Dynamic GelMA/DNA Dual‐Network Hydrogels Promote Woven Bone Organoid Formation and Enhance Bone Regeneration

Abstract Bone organoids, in vitro models mimicking native bone structure and function, rely on 3D stem cell culture for self‐organization, differentiation, ECM secretion, and biomineralization, ultimately forming mineralized collagen hierarchies. However, their development is often limited by the lack of suitable matrices with optimal mechanical properties for sustained cell growth and differentiation. To address this, a dynamic DNA/Gelatin methacryloyl (GelMA) hydrogel (CGDE) is developed to recapitulate key biochemical and mechanical features of the bone ECM, providing a supportive microenvironment for bone organoid formation. This dual‐network hydrogel is engineered through hydrogen bonding between DNA and GelMA, combined with GelMA network crosslinking, resulting in appropriate mechanical strength and enhanced viscoelasticity. During a 21‐day 3D culture, the CGDE hydrogel facilitates cellular migration and self‐organization, promoting woven bone organoid (WBO) formation via intramembranous ossification.
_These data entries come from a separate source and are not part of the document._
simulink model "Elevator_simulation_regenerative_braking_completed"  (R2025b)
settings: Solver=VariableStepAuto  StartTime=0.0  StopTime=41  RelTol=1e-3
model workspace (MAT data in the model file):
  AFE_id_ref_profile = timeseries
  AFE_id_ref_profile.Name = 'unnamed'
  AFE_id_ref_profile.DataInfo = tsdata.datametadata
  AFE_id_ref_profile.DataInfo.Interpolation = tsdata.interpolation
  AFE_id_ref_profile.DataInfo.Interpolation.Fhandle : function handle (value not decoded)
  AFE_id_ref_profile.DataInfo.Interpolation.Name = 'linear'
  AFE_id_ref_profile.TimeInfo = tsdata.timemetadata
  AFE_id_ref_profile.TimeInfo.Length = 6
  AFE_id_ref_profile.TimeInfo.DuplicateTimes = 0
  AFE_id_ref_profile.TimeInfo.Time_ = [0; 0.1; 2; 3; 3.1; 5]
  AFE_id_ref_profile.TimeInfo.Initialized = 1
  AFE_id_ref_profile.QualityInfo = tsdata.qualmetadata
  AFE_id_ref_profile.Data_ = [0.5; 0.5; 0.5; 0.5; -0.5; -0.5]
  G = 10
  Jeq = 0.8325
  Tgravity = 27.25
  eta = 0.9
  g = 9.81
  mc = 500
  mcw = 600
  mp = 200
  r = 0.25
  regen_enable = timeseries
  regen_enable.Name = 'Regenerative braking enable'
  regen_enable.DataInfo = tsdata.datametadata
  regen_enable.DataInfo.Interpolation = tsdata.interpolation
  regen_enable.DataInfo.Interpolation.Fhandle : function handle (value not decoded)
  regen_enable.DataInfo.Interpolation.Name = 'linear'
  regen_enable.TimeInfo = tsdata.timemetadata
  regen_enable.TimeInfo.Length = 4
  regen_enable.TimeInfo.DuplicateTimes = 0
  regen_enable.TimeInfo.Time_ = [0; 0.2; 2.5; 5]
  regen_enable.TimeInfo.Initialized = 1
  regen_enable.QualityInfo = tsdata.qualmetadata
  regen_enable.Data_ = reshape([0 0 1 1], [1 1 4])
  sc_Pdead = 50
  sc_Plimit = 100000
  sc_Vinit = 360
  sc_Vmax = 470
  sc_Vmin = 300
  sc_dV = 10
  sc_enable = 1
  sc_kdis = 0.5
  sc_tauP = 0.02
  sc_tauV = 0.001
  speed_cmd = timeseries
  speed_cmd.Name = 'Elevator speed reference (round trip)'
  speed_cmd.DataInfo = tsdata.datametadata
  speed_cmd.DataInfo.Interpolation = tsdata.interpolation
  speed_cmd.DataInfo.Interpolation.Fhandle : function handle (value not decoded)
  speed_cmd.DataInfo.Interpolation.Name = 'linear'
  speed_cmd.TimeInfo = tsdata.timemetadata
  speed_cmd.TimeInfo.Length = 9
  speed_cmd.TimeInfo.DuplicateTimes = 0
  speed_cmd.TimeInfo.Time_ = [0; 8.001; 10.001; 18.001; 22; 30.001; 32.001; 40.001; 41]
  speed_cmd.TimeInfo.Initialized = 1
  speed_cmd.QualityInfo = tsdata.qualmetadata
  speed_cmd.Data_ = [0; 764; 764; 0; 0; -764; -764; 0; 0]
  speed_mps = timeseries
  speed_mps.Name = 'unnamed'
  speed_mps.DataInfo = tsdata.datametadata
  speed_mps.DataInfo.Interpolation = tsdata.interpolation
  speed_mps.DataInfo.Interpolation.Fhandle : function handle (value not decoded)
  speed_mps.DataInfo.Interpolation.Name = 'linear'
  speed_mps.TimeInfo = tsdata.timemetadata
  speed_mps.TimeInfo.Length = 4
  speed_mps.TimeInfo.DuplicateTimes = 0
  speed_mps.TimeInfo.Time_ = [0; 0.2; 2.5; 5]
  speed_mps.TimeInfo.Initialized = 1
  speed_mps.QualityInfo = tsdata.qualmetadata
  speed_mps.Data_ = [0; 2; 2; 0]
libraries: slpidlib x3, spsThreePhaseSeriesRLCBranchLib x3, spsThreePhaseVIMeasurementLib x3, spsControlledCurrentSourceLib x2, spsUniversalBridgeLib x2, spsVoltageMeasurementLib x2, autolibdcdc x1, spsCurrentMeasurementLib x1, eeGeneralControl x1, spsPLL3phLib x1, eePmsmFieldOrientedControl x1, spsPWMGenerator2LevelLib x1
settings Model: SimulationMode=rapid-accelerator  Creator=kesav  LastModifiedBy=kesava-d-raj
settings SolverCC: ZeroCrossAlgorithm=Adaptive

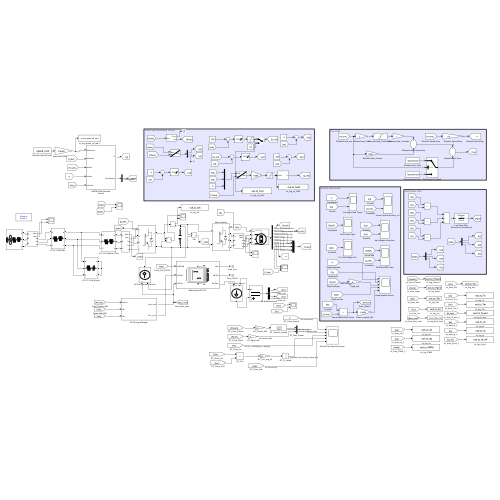
[thumbnail: Simulink's stored preview of the top-level diagram]
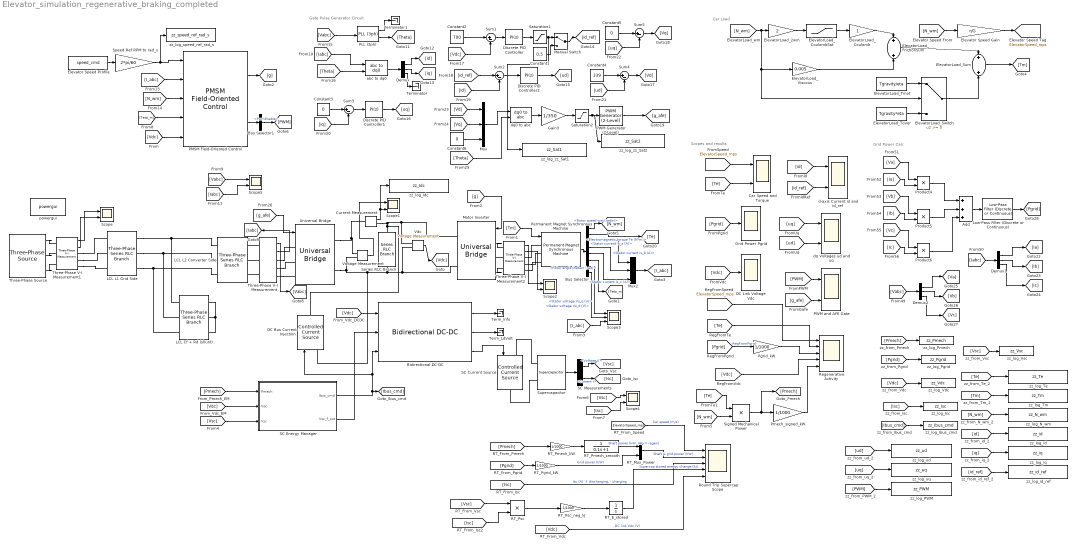
== system Elevator_simulation_regenerative_braking_completed ==
  note: Scopes and results
  note: Grid Power Calc
  note: Car Load
  note: Gate Pulse Generator Circuit
  Add : Sum  Inputs=+++
  Bidirectional DC-DC : autolibdcdc/Bidirectional DC-DC  Tc=1/1000  Vinit=0  Plimit=100000  param_loss=Single efficiency measurement  eff=98  v_loss_bp=[0 200 400 600 800 1000]  i_loss_bp=[0 25 50 75 100]  losses_table=[100 100 100 100 100;100 150 200 250 300;100 200 300 400 500;100 250 400 550 700;100 300 500 700 900;100 350 600 850 1100]  v_eff_bp=[200 400 600 800 1000]  i_eff_bp=[25 50 75 100]  efficiency_table=[96.2 98.1 98.7 99;98.1 99 99.4 99.5;98.7 99.4 99.6 99.7;99 99.5 99.7 99.8;99.2 99.6 99.7 99.8]  x_v_bp=[-1000 -800 -600 -400 -200 200 400 600 800 1000]  x_i_bp=[-100 -75 -50 -25 25 50 75 100]  x_losses_mat=[200.400801603196 225.67703109328 200.803212851408 201.612903225806 199.999999999997 200 225 200;160.320641282556 180.541624874624 201.005025125625 202.020202020203 200 200 180 160;180.541624874624 180.722891566267 181.086519114686 197.568389057748 194.999999999999 179.999999999997 180 180;201.005025125625 181.086519114686 202.020202020203 193.67991845056 190 200 179.999999999997 200;202.020202020203 197.568389057748 193.67991845056 197.505197505197 190 190 194.999999999999 200;200 194.999999999999 190 190 197.505197505197 193.67991845056 197.568389057748 202.020202020203;200 179.999999999997 200 190 193.67991845056 202.020202020203 181.086519114686 201.005025125625;180 180 179.999999999997 194.999999999999 197.568389057748 181.086519114686 180.722891566267 180.541624874624;160 180 200 200 202.020202020203 201.005025125625 180.541624874624 160.320641282556;200 225 200 199.999999999997 201.612903225806 200.803212851408 225.67703109328 200.400801603196]  RefBlkName='autolibdcdc/Bidirectional DC-DC'  CalLossMapData={'BaseCageProjectFileName','';'BaseMbcProjectFileName','';'TaskName','Calibrate Inverter Loss Map';'ChildTasks',{{'DataName','';'TaskName','Import Loss Data'},{'TaskName','Generate Response Models'},{'TaskName','Generate Calibration'},{'TaskName','Update Block Parameters'}}}
  Bus Selector : BusSelector  OutputSignals=Rotor speed wm (rad/s),Electromagnetic torque Te (N*m),Stator current is_a (A),Stator current is_b (A),Stator current is_c (A),Rotor angle thetam (rad),Stator voltage Vs_q (V),Stator voltage Vs_d (V)
  Bus Selector1 : BusSelector  OutputSignals=PwmEnable
  Car Speed and Torque : Scope  NumInputPorts=2
      settings: ActiveDisplayYMinimum=-2.5140849185806631  ActiveDisplayYMaximum=2.51411750297212
  Constant1 : Constant  Value=0.5
  Constant2 : Constant  Value=700
  Constant3 : Constant  Value=0
  Constant4 : Constant  Value=339
  Constant5 : Constant  Value=0
  Constant6 : Constant  Value=0
  Current Measurement : spsCurrentMeasurementLib/Current Measurement  PhasorSimulation=off  OutputType=Complex  PSBequivalent=0
  DC Bus Current Injection : spsControlledCurrentSourceLib/Controlled Current Source  Initialize=on  Source_Type=AC  Amplitude=0  Phase=0  Frequency=0  Measurements=None
  DC Link Voltage Vdc : Scope
      settings: ActiveDisplayYMinimum=572.34967767738488  ActiveDisplayYMaximum=718.84953066041635  DataLoggingVariableName=ScopeData2
  Demux : Demux  Outputs=3
  Demux1 : Demux  Outputs=3
  Demux2 : Demux  Outputs=3
  Discrete PID Controller : slpidlib/PID Controller  Controller=PI  Form=Parallel  TimeDomain=Discrete-time  UseExternalTs=off  SampleTime=1e-4  IntegratorMethod=Forward Euler  FilterMethod=Forward Euler  ControllerParametersSource=internal  P=0.5  I=15  UseKiTs=off  D=0  UseExternalDerivativeSource=off  N=100  UseFilter=on  TunerSelectOption=Transfer Function Based (PID Tuner App)  InitialConditionSource=internal  InitialConditionForIntegrator=0  InitialConditionForFilter=0  DifferentiatorICPrevScaledInput=0  ExternalReset=none  TrackingMode=off  Kt=1  LimitOutput=on  SatLimitsSource=internal  UpperSaturationLimit=20  LowerSaturationLimit=-20  LinearizeAsGain=off  AntiWindupMode=clamping  Kb=1  LimitIntegrator=off  UpperIntegratorSaturationLimit=inf  LowerIntegratorSaturationLimit=-inf  POutMin=[]  POutMax=[]  IOutMin=[]  IOutMax=[]  DOutMin=[]  DOutMax=[]  NOutMin=[]  NOutMax=[]  SumOutMin=[]  SumOutMax=[]  SaturationOutMin=[]  SaturationOutMax=[]  PParamMin=[]  PParamMax=[]  IParamMin=[]  IParamMax=[]  DParamMin=[]  DParamMax=[]  NParamMin=[]  NParamMax=[]  KbParamMin=[]  KbParamMax=[]  KtParamMin=[]  KtParamMax=[]  KbOutMin=[]  KbOutMax=[]  KtOutMin=[]  KtOutMax=[]  IntegratorOutMin=[]  IntegratorOutMax=[]  FilterOutMin=[]  FilterOutMax=[]  SumI1OutMin=[]  SumI1OutMax=[]  SumI2OutMin=[]  SumI2OutMax=[]  SumI3OutMin=[]  SumI3OutMax=[]  SumI4OutMin=[]  SumI4OutMax=[]  SumDOutMin=[]  SumDOutMax=[]  DifferentiatorOutMin=[]  DifferentiatorOutMax=[]  FilterDiffOutCoefMin=[]  FilterDiffOutCoefMax=[]  ReciprocalOutMin=[]  ReciprocalOutMax=[]  SumDenOutMin=[]  SumDenOutMax=[]  SumNumOutMin=[]  SumNumOutMax=[]  DivideOutMin=[]  DivideOutMax=[]  UdiffTsProdOutMin=[]  UdiffTsProdOutMax=[]  NTsProdOutMin=[]  NTsProdOutMax=[]  UintegralTsProdOutMin=[]  UintegralTsProdOutMax=[]  UngainTsProdOutMin=[]  UngainTsProdOutMax=[]  ClampingZeroOutDataTypeStr=Inherit: Inherit via back propagation  ClampingZeroOutMin=[]  ClampingZeroOutMax=[]  FilterDenConstantOutDataTypeStr=Inherit: Inherit via back propagation  FilterDenConstantOutMin=[]  FilterDenConstantOutMax=[]  PCopyOutDataTypeStr=Inherit: Inherit via back propagation  PCopyOutMin=[]  PCopyOutMax=[]  NCopyOutDataTypeStr=Inherit: Inherit via back propagation  NCopyOutMin=[]  NCopyOutMax=[]  IntegratorContinuousStateAttributes=''  IntegratorStateMustResolveToSignalObject=off  IntegratorRTWStateStorageClass=Auto  FilterContinuousStateAttributes=''  FilterStateMustResolveToSignalObject=off  FilterRTWStateStorageClass=Auto  ParallelPVariant=InternalParameters  IdealPVariant=Disabled  IVariant=InternalParameters  DVariant=Disabled  IntegratorVariant=Discrete  SatVariant=Enabled  AWVariant=DiscClampingParallel  PCopyVariant=Disabled  TRVariant=Disabled  FdbkBlocksVariant=Forward  IdealPFdbkVariant=Disabled  SatFdbkVariant=Disabled  DerivativeFilterVariant=Disabled  NVariant=Disabled  NCopyVariant=Disabled_SignalSpec  FilterICVariant=Disabled  IntegratorICVariant=InternalICs  ExternalResetVariant=Disabled  TRSumVariant=Passthrough  SumFdbkVariant=Disabled  SumVariant=Sum_PI  TsampFilterVariant=InternalTs  TsampNgainVariant=Passthrough  TsampIntegralVariant=Disabled_SignalSpec  ExternalSaturationOutDataTypeStr=Inherit: Same as second input  DerivativeSourceVariant=Disabled  PreIntVariant=InternalPreInt
      settings: LibrarySourceBlock=simulink/Discrete/Discrete PID Controller
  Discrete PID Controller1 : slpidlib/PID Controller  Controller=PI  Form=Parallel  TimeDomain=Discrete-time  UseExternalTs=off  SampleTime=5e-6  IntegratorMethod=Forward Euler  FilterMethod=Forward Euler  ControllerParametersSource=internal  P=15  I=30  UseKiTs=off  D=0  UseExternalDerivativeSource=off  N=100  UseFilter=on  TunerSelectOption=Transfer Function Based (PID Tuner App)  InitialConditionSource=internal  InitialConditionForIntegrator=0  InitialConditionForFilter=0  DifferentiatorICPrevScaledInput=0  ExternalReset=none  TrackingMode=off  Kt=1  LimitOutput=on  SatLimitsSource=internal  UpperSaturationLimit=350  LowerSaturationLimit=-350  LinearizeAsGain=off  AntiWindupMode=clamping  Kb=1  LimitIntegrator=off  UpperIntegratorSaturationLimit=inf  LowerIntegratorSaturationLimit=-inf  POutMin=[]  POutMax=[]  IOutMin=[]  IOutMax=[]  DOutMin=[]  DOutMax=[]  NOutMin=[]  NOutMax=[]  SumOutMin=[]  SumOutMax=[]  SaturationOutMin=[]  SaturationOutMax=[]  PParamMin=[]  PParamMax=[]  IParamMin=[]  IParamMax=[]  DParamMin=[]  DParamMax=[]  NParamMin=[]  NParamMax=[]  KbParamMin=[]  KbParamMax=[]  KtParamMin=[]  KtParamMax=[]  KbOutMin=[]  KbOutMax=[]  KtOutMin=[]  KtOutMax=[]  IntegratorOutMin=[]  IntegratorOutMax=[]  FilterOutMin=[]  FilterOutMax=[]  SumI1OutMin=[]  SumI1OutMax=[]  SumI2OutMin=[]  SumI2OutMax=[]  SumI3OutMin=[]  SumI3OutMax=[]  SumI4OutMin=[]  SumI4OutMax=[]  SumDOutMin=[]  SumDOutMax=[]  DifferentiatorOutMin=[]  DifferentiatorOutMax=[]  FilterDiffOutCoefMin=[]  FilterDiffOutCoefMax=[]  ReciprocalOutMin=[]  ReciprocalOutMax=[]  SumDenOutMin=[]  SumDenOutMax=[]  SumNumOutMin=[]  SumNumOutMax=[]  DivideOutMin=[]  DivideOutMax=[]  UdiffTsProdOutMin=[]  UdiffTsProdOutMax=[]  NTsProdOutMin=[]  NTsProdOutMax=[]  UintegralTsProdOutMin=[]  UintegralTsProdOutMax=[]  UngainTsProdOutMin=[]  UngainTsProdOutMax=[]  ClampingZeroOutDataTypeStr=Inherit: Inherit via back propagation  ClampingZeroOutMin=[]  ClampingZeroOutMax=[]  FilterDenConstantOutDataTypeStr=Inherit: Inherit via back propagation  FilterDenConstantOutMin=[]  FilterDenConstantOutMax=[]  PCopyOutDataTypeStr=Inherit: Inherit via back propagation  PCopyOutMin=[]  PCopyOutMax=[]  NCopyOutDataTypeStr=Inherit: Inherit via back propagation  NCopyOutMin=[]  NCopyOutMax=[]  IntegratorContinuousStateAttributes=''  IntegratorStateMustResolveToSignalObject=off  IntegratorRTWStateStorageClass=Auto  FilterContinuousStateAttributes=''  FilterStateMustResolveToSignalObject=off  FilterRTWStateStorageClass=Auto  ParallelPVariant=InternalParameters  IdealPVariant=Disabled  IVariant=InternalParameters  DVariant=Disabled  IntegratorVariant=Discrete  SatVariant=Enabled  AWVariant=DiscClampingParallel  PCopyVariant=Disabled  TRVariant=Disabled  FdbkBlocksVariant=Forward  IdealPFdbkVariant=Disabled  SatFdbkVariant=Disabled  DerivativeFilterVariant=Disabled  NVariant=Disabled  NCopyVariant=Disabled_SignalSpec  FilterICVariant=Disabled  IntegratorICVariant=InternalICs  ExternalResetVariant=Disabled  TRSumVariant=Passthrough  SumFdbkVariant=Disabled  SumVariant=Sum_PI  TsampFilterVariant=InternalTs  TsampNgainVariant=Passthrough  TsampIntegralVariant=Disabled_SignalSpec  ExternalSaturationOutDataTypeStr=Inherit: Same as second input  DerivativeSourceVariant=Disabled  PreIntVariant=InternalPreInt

These WBOs exhibit spatiotemporal architectures supporting dynamic mineralization and tissue remodeling. In vivo studies demonstrate that CGDE‐derived WBOs exhibit self‐adaptive properties, enabling rapid osseointegration within 4 weeks. This work highlights the CGDE hydrogel as a robust and scalable platform for bone organoid development, offering new insights into bone biology and innovative strategies for bone tissue regeneration.